Minimalist me would certainly be happy with a meta-rule along the lines: non-fat modules can't have more than 20 definitions in them (type, data types, properties, what have you; basically 20 exported names). Fat modules should then go crazy in the opposite direction.

But as to @xekoukou tribulations: in theory, we know what to do. Define Nat whichever way you want, prove the basic properties that make it a rig / ordered rig / lattice / etc, then prove everything else on top of that. Don't allow "proofs by induction" on Nat for properties that are provable from that core. That 'core' becomes the interface to Nat. In theory, we could then change Nat's definition without altering anything else. In practice, I seriously doubt we're ready for that. I do think it is something worth aiming for.

[jamesmckinna]

Re @JacquesCarette 's last comment (with which I broadly agree, modulo... history, stdlib as it now is): why is there no distinction made in the library between zero and suc as constructors, and their values as ordinary terms?
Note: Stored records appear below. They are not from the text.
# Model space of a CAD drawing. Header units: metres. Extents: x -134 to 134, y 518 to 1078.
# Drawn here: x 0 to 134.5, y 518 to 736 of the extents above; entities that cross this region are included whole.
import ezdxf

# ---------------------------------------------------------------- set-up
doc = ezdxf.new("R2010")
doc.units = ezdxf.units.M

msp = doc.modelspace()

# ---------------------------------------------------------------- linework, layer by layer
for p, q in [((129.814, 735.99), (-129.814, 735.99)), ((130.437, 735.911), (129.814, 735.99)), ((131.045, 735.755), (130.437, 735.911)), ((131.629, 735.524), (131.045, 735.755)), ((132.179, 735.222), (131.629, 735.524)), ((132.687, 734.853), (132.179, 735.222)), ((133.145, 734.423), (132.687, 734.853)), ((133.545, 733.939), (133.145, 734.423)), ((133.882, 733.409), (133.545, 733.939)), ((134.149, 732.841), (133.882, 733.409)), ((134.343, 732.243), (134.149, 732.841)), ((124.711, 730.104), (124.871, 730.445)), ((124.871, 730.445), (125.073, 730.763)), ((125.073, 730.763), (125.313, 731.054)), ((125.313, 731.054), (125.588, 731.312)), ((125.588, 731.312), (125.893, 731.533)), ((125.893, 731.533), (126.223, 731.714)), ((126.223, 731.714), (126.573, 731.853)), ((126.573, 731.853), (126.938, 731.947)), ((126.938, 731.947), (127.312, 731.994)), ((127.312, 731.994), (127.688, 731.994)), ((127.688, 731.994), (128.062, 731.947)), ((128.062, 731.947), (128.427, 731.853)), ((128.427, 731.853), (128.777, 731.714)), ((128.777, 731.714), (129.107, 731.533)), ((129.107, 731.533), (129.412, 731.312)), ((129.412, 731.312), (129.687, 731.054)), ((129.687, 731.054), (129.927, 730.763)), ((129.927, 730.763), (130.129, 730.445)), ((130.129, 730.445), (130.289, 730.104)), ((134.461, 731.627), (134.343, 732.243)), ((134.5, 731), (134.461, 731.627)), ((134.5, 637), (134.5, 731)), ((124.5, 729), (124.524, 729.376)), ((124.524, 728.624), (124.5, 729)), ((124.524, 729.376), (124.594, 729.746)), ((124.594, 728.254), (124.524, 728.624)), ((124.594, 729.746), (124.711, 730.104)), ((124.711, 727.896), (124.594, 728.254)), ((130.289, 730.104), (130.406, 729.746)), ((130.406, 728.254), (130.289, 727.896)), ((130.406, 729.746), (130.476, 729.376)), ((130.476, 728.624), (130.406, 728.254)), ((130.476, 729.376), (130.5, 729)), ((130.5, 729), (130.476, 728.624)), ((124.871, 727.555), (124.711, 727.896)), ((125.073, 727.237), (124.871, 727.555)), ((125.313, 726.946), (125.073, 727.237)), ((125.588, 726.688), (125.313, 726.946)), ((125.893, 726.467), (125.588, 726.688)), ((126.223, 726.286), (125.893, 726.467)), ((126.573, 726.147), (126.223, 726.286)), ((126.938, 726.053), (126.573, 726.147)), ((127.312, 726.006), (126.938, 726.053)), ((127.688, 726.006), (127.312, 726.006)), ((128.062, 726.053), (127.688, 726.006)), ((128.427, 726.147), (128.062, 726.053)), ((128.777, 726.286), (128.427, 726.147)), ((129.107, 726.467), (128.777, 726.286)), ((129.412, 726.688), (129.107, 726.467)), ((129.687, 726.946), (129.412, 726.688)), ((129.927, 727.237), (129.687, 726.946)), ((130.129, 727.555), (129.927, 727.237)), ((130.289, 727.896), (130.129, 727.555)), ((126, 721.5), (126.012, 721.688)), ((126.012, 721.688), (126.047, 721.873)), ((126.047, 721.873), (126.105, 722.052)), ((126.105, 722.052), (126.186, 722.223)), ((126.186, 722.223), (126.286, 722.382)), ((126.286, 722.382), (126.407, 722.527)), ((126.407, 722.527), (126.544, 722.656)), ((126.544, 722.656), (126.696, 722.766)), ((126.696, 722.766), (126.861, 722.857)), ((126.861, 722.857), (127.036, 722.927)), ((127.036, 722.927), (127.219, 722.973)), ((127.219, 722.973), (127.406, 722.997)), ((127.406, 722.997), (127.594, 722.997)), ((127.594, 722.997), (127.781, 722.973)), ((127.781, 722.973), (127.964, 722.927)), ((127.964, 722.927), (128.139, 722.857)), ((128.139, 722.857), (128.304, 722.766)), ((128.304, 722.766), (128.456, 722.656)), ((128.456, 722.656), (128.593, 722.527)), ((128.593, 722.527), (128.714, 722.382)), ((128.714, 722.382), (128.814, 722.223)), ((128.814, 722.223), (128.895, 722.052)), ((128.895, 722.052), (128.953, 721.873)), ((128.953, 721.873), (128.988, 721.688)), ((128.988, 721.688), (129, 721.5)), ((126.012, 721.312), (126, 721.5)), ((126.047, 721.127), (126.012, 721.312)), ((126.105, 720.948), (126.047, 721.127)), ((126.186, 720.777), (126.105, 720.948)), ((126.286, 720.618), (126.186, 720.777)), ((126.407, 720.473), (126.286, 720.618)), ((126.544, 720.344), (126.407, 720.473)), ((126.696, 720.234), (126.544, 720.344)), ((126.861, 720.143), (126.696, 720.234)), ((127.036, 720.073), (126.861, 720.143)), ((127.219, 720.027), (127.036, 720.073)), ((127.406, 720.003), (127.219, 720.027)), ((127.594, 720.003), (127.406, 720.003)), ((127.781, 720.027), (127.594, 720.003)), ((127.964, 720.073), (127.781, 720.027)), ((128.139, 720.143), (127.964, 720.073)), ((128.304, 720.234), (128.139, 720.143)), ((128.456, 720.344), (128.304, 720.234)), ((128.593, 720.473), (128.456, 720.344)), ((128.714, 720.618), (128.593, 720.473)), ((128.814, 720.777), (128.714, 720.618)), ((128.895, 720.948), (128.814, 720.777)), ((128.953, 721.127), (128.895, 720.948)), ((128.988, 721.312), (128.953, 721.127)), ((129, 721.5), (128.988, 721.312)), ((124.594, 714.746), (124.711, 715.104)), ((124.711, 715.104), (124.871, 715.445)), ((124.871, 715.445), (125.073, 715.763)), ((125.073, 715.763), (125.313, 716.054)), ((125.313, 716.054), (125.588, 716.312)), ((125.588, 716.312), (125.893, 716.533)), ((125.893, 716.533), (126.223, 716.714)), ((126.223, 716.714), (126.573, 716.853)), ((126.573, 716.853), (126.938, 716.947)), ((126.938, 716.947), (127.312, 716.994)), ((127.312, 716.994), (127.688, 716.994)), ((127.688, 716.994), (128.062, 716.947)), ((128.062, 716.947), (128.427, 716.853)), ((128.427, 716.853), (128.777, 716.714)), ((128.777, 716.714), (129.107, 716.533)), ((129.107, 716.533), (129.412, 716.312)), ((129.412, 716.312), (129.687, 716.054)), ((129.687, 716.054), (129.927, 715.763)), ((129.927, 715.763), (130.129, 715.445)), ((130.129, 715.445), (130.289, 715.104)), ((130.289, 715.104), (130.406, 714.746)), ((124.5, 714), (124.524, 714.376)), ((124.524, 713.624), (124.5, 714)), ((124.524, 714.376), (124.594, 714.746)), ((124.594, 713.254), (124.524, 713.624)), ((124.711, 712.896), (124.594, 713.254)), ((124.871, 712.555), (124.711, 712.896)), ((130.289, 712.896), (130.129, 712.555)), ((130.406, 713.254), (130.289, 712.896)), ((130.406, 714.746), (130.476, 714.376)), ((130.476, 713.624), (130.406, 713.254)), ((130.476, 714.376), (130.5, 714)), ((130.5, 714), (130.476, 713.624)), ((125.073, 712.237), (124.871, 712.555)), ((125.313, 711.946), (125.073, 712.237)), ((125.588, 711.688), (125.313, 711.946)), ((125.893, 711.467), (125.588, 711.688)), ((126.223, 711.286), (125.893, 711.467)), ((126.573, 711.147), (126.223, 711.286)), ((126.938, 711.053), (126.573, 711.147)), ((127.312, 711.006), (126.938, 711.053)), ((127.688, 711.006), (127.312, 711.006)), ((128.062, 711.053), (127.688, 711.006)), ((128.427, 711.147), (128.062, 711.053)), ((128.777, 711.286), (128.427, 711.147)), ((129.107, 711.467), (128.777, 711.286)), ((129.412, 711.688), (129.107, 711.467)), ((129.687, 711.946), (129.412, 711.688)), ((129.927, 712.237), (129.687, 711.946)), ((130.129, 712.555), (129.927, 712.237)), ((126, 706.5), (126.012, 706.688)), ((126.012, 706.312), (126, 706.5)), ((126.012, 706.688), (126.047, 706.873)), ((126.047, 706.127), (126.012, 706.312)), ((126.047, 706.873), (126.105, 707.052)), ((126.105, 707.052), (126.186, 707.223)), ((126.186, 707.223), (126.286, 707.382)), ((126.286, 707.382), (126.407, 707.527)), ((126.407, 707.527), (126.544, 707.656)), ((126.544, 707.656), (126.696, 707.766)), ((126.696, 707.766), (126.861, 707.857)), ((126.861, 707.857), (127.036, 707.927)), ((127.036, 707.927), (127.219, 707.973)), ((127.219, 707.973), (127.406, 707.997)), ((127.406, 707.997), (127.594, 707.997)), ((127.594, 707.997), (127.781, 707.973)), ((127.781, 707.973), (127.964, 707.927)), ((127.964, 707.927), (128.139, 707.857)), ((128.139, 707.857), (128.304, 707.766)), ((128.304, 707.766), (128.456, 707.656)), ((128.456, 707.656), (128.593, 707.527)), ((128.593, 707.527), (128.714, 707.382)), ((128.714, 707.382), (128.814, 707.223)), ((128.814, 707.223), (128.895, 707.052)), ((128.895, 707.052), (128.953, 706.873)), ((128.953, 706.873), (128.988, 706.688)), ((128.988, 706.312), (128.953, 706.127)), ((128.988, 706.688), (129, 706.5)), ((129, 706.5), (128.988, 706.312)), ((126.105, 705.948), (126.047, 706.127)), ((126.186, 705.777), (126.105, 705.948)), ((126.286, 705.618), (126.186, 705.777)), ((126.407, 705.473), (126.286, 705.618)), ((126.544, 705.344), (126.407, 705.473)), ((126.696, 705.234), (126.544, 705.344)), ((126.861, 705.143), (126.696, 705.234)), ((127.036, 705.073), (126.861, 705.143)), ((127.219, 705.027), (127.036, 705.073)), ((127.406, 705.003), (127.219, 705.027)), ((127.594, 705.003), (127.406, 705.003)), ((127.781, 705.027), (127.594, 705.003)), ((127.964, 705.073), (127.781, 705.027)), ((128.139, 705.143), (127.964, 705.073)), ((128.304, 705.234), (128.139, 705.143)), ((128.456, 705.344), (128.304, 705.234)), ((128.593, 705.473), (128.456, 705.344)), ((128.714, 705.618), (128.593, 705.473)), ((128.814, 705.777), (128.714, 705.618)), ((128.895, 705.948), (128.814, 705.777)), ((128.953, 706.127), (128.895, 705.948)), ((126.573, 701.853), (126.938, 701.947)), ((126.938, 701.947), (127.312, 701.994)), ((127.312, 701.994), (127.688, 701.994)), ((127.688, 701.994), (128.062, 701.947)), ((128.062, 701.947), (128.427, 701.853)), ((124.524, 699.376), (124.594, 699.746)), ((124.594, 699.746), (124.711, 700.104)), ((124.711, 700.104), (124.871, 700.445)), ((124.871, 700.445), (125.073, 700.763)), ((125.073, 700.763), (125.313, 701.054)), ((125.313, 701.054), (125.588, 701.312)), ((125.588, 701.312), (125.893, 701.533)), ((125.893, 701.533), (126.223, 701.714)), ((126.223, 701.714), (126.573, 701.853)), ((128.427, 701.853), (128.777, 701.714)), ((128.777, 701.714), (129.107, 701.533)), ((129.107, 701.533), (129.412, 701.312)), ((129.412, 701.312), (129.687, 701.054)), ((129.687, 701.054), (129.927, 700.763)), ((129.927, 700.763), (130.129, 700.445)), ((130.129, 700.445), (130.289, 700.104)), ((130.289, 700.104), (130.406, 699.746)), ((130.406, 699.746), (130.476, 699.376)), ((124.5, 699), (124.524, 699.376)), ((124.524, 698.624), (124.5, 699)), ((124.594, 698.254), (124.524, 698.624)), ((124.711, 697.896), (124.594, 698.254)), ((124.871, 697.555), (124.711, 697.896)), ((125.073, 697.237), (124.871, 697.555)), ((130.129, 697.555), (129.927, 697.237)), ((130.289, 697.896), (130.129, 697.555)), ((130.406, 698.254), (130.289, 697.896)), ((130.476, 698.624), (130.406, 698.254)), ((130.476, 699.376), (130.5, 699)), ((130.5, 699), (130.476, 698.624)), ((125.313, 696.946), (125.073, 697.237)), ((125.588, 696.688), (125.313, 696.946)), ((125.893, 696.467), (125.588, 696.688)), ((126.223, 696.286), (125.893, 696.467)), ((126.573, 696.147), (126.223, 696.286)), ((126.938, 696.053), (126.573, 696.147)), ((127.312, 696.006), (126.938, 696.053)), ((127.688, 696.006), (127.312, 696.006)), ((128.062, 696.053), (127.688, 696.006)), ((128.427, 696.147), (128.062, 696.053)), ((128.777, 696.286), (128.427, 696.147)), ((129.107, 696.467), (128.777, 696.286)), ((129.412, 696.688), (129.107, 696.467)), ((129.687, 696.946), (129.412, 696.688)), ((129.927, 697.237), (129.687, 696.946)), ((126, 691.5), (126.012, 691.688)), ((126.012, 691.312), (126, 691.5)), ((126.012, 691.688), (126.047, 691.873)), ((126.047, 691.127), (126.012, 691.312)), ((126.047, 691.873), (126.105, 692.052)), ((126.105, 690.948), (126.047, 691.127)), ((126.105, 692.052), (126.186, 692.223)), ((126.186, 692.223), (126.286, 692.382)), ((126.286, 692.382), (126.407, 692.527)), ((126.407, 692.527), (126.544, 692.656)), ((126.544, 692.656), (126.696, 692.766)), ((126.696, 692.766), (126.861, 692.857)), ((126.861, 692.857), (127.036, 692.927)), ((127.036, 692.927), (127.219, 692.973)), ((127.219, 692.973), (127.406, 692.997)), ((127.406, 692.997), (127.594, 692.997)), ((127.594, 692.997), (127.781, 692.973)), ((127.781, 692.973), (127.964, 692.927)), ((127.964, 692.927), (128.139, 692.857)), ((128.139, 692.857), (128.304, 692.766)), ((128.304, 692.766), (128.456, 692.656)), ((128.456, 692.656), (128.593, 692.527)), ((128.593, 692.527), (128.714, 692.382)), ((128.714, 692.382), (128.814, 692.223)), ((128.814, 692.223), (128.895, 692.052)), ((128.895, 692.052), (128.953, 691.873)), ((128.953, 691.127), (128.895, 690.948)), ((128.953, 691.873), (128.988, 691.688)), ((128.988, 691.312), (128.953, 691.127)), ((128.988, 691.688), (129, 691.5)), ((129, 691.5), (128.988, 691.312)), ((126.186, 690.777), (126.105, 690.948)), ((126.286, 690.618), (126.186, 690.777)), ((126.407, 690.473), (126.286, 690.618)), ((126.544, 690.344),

I could imagine better encapsulation of quite a lot reasoning with Nat if, instead of cong suc, one used cong 1+_ for example.

[jamesmckinna]

Just doing a last make test then should be able to open a PR from pr1698-extended. But you could always look at the comparisons first... my 'solution' is to expand the range of 'constructors' of the various relations with pattern synonyms, and then aggressively deploy those, under nevertheless quite controlled conditions. Isolating eg the equivalence of _<_ and _<′_ in some submodule of Data.Nat.* or other would then yield @MatthewDaggitt 's holy grail of Data.Nat.Induction without appealing to Data.Nat.Properties. But I'm open to (further) discussion.

[MatthewDaggitt]

Merging this in as it still zaps a few unused dependencies.